A Scorpion, a gun, a weapon that hurts both the wearer and their environment, the tool dances on the verge of its function, desperate to strike.

 

 

Eve Lipkin

Eve Lipkin’s work explores themes of memory, familiarity, and sentimental connection, often through traditionally female mediums. Her practice incorporates a wide range of craft techniques, including sewing, embroidery, mending, crochet, printmaking, screen printing, and collage. Through these methods, she draws attention to the overlooked and unseen, emphasizing small details that might otherwise go unnoticed. Lipkin investigates the role of female identity within her practice by engaging with historically feminine forms of making—mediums that have frequently been dismissed as mere “craft.” By placing these processes at the center of her work, she challenges conventional boundaries and repositions them within the fields of Design and Fine Art.

This project explores the role of women’s unseen labor in the domestic setting through the lens of textiles. Using embroidery and traditional craft, the artist examines how women have historically used domestic objects and routines to protest, to confide, to adorn, and to express thoughts they often feel unable to articulate aloud. The dining table—ritualistic and shared, yet prepared by one—serves as a powerful metaphor for this invisible labor. Her work interrogates the distinction between expected labor and a labor of love, questioning how society values care, time, and emotional work.

 

Lexiong Ying

Lexiong Ying’s creative process is grounded in observation, emotional sensitivity, and psychological inquiry. Drawing from lived experiences, intimate encounters, and reflective analysis, Lexiong’s practice explores both personal and collective motivations. Recurring themes include emotional instability, internal conflict, spiritual resonance, non-normative lifestyles, and the evolving relationship between humans and their environments.
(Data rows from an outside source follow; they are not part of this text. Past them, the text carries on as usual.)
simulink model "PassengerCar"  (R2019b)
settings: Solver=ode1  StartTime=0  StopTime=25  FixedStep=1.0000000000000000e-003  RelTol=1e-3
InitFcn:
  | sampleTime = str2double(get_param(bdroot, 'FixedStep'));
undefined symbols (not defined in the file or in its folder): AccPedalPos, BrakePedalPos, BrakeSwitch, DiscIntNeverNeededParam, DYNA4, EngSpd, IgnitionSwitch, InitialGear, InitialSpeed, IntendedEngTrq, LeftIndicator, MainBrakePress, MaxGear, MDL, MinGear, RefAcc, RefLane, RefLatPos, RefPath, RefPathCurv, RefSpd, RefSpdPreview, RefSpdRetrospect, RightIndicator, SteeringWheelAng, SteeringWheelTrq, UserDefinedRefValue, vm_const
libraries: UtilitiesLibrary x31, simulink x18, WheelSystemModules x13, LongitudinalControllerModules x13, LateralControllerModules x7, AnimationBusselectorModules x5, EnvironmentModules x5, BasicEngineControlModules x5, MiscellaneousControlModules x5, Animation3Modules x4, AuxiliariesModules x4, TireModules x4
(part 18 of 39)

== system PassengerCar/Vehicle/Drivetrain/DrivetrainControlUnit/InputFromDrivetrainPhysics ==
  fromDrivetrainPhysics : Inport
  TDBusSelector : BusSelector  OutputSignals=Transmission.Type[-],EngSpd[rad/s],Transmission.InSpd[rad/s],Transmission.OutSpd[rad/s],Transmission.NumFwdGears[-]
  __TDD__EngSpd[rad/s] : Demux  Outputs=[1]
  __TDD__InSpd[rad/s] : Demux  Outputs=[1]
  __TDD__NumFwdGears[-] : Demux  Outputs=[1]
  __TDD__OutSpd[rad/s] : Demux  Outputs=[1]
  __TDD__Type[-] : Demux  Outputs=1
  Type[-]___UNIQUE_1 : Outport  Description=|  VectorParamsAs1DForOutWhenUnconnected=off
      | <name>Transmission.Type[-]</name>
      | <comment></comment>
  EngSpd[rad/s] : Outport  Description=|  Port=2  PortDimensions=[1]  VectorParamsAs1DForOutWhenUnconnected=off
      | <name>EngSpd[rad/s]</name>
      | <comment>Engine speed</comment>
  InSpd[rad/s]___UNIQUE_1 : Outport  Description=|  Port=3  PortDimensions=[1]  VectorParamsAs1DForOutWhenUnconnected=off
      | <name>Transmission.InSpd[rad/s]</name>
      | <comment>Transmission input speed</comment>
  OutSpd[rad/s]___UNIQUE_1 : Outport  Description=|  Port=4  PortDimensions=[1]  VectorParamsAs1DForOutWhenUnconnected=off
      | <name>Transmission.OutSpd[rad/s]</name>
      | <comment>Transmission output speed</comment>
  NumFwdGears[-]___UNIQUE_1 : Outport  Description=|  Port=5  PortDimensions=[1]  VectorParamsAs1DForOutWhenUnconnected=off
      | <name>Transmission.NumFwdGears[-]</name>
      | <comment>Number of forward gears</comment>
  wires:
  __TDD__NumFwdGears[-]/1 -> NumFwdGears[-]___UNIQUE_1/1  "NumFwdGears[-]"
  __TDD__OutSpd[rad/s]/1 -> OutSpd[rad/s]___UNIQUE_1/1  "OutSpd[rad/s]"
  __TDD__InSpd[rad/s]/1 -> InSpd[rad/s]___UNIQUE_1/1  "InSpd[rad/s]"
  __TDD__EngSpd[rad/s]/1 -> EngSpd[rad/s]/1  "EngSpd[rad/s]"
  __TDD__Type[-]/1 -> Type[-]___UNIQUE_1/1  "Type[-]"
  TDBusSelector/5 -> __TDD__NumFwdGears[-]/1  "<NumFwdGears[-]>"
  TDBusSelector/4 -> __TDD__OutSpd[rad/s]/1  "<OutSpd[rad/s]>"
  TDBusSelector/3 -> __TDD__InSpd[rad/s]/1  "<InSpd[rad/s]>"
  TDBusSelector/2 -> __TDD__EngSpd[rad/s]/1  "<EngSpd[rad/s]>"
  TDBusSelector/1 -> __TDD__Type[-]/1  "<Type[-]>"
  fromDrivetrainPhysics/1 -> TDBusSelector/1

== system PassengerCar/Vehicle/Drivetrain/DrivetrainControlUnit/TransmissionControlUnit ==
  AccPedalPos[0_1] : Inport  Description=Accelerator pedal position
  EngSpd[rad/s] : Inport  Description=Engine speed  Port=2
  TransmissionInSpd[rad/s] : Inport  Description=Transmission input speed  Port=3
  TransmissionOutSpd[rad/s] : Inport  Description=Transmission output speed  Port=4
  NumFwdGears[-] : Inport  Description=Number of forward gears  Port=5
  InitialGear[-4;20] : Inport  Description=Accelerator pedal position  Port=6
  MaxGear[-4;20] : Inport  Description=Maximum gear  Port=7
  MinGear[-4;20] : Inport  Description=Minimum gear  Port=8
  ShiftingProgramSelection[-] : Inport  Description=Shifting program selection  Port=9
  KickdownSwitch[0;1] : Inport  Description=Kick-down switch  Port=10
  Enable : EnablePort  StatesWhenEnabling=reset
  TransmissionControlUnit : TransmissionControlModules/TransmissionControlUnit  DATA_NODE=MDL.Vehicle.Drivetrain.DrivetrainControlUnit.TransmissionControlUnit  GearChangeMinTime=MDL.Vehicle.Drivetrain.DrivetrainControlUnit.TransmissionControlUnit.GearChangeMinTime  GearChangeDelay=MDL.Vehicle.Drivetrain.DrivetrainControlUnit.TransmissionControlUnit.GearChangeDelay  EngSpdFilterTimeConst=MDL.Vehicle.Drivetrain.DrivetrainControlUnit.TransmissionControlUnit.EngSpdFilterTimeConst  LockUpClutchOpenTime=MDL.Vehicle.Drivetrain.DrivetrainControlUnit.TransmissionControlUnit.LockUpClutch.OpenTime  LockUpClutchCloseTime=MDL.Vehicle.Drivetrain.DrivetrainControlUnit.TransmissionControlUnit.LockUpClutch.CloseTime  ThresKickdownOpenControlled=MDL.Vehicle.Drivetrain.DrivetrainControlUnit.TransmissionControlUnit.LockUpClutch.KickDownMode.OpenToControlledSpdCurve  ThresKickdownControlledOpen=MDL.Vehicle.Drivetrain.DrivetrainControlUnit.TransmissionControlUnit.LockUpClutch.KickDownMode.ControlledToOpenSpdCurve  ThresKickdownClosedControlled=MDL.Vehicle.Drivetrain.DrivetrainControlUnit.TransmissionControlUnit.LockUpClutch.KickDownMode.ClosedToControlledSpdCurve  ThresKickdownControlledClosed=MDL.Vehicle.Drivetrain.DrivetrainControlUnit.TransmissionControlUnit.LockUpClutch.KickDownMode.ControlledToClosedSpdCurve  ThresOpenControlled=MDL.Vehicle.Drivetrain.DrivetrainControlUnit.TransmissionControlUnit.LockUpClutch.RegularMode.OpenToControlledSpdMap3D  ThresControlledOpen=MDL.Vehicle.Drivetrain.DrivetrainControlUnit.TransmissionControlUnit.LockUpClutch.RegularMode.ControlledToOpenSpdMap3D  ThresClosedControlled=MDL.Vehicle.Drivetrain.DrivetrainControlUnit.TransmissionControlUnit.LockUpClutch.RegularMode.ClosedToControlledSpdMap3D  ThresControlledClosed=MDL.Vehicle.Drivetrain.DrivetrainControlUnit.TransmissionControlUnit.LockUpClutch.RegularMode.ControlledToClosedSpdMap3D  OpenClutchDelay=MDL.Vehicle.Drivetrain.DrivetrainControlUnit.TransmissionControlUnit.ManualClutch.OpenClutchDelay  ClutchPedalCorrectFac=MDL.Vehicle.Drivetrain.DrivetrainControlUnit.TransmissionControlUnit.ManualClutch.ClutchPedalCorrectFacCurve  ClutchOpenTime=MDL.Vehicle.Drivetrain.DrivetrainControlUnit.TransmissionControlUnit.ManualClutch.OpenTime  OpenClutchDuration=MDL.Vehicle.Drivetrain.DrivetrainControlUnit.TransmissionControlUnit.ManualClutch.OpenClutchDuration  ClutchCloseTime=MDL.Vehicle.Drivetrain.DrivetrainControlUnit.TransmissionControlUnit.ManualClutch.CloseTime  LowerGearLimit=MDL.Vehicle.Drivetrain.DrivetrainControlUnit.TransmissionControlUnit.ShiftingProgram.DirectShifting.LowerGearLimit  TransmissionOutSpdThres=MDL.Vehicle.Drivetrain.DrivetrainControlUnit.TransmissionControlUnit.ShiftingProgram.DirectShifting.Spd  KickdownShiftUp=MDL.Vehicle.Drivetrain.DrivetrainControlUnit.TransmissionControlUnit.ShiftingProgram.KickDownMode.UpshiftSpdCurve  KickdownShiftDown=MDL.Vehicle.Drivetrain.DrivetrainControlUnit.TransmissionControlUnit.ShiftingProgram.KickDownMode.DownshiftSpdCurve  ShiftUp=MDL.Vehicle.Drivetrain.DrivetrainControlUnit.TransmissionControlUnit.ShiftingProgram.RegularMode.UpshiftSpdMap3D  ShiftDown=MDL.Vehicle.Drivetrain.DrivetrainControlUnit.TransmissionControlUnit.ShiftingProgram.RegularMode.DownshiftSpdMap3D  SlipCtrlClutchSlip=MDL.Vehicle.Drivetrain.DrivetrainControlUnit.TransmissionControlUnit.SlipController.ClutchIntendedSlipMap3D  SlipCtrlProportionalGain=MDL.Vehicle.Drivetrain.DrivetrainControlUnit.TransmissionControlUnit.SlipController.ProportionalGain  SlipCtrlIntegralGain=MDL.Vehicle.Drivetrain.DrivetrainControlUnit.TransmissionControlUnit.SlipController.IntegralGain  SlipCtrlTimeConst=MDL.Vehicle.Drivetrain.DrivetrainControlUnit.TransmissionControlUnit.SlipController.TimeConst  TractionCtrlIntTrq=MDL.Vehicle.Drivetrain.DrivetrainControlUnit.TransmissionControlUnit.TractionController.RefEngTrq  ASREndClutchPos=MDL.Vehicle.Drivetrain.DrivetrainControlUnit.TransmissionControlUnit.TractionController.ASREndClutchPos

Through metaphor, irony, and symbol-laden imagery, Lexiong reveals latent tensions embedded in the seemingly mundane. Working across a diverse range of media—including but not limited to 3D-printed forms, experimental photography, video, and mixed media—Lexiong selects materials and processes in direct response to the conceptual needs of each piece. The work seeks to resonate with the emotional and philosophical core of contemporary life, inviting viewers to engage through their own perspectives and, in doing so, to enrich the shared experience.

 How Do You Verify That You Are You?

The Möbius strip serves as a central metaphor for this project. Appearing to have an inside and an outside, a top and a bottom, it is in fact a single continuous surface—a unity of opposites. This structure symbolises the illusion of separation, reflecting how seemingly distinct elements can form an inseparable whole.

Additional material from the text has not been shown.